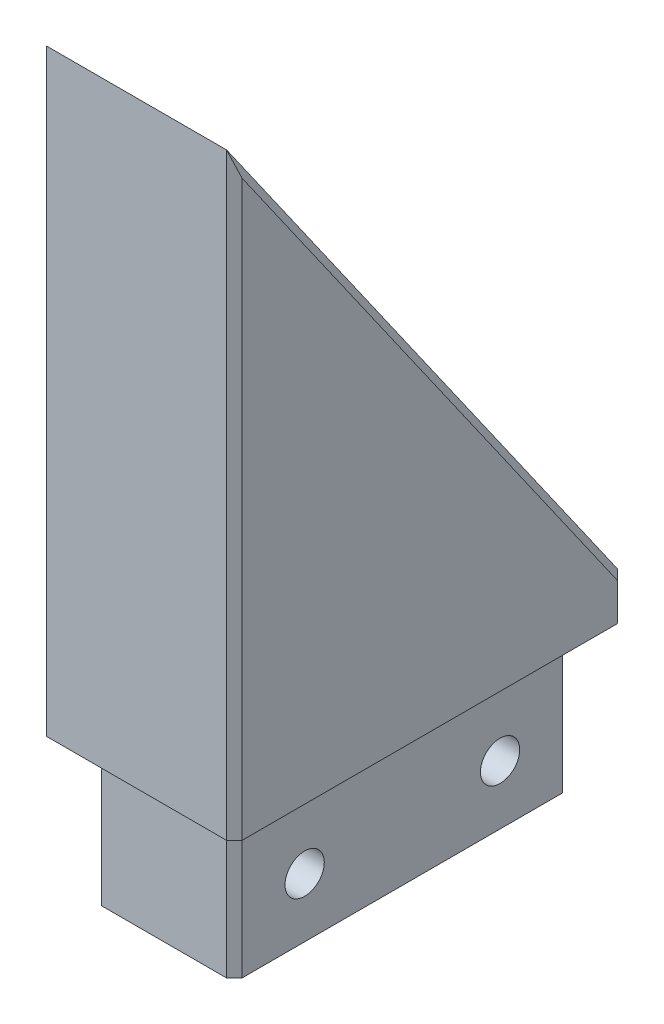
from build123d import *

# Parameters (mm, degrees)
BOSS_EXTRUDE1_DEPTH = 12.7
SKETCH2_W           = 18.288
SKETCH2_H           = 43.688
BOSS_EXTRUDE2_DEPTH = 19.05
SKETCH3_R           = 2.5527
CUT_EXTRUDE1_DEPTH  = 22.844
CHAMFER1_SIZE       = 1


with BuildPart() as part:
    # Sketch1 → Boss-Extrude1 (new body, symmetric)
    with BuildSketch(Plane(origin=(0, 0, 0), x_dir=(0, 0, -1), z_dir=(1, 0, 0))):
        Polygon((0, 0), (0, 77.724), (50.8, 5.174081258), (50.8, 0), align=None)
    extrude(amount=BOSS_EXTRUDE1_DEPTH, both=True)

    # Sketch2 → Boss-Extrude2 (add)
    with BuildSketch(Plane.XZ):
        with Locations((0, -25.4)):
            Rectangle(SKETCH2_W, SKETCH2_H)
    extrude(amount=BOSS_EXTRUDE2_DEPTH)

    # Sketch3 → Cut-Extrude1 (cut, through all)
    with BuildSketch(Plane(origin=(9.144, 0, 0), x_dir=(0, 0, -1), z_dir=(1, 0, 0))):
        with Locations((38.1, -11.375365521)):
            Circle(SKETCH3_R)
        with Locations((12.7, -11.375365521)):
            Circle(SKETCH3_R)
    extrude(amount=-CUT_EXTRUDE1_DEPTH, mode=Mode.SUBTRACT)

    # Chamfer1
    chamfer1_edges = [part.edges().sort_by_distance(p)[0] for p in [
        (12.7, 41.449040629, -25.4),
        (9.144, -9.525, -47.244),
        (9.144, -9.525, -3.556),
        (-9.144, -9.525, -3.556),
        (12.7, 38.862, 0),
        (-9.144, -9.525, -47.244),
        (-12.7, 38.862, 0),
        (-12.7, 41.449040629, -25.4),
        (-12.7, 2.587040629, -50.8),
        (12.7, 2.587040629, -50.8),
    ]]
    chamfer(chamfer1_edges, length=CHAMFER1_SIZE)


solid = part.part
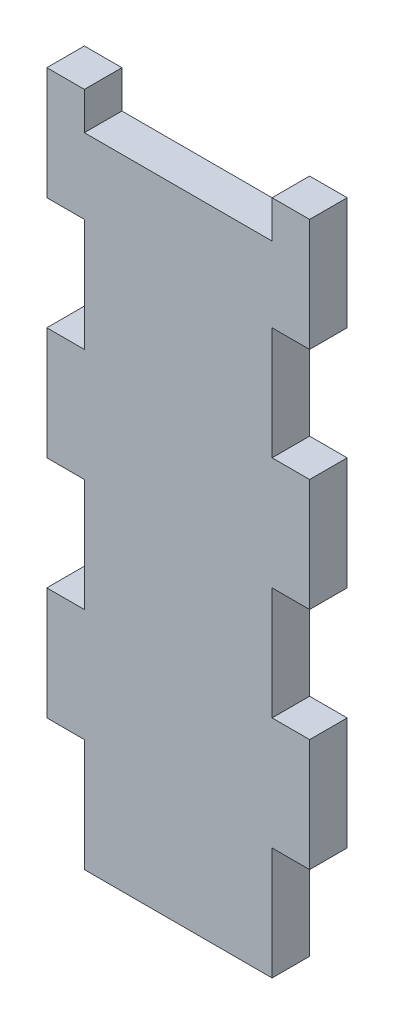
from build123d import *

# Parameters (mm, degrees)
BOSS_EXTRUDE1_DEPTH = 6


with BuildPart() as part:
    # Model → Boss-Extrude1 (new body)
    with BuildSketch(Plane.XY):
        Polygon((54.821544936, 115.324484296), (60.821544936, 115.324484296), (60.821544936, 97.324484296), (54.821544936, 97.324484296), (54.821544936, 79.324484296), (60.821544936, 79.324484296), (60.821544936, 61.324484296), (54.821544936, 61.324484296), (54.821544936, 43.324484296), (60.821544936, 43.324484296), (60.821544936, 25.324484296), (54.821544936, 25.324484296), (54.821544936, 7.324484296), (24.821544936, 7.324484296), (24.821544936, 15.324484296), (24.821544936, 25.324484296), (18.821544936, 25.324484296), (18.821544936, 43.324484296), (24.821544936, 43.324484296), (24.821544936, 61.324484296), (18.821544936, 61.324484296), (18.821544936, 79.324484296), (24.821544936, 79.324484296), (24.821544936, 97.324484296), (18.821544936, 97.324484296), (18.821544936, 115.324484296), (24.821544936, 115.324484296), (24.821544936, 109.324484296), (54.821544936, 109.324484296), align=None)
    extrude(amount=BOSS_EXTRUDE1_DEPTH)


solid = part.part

> _Problem to solve_: State how many lines in the material above hold the word "Plane". Add nothing else.

> _Answer area_: 4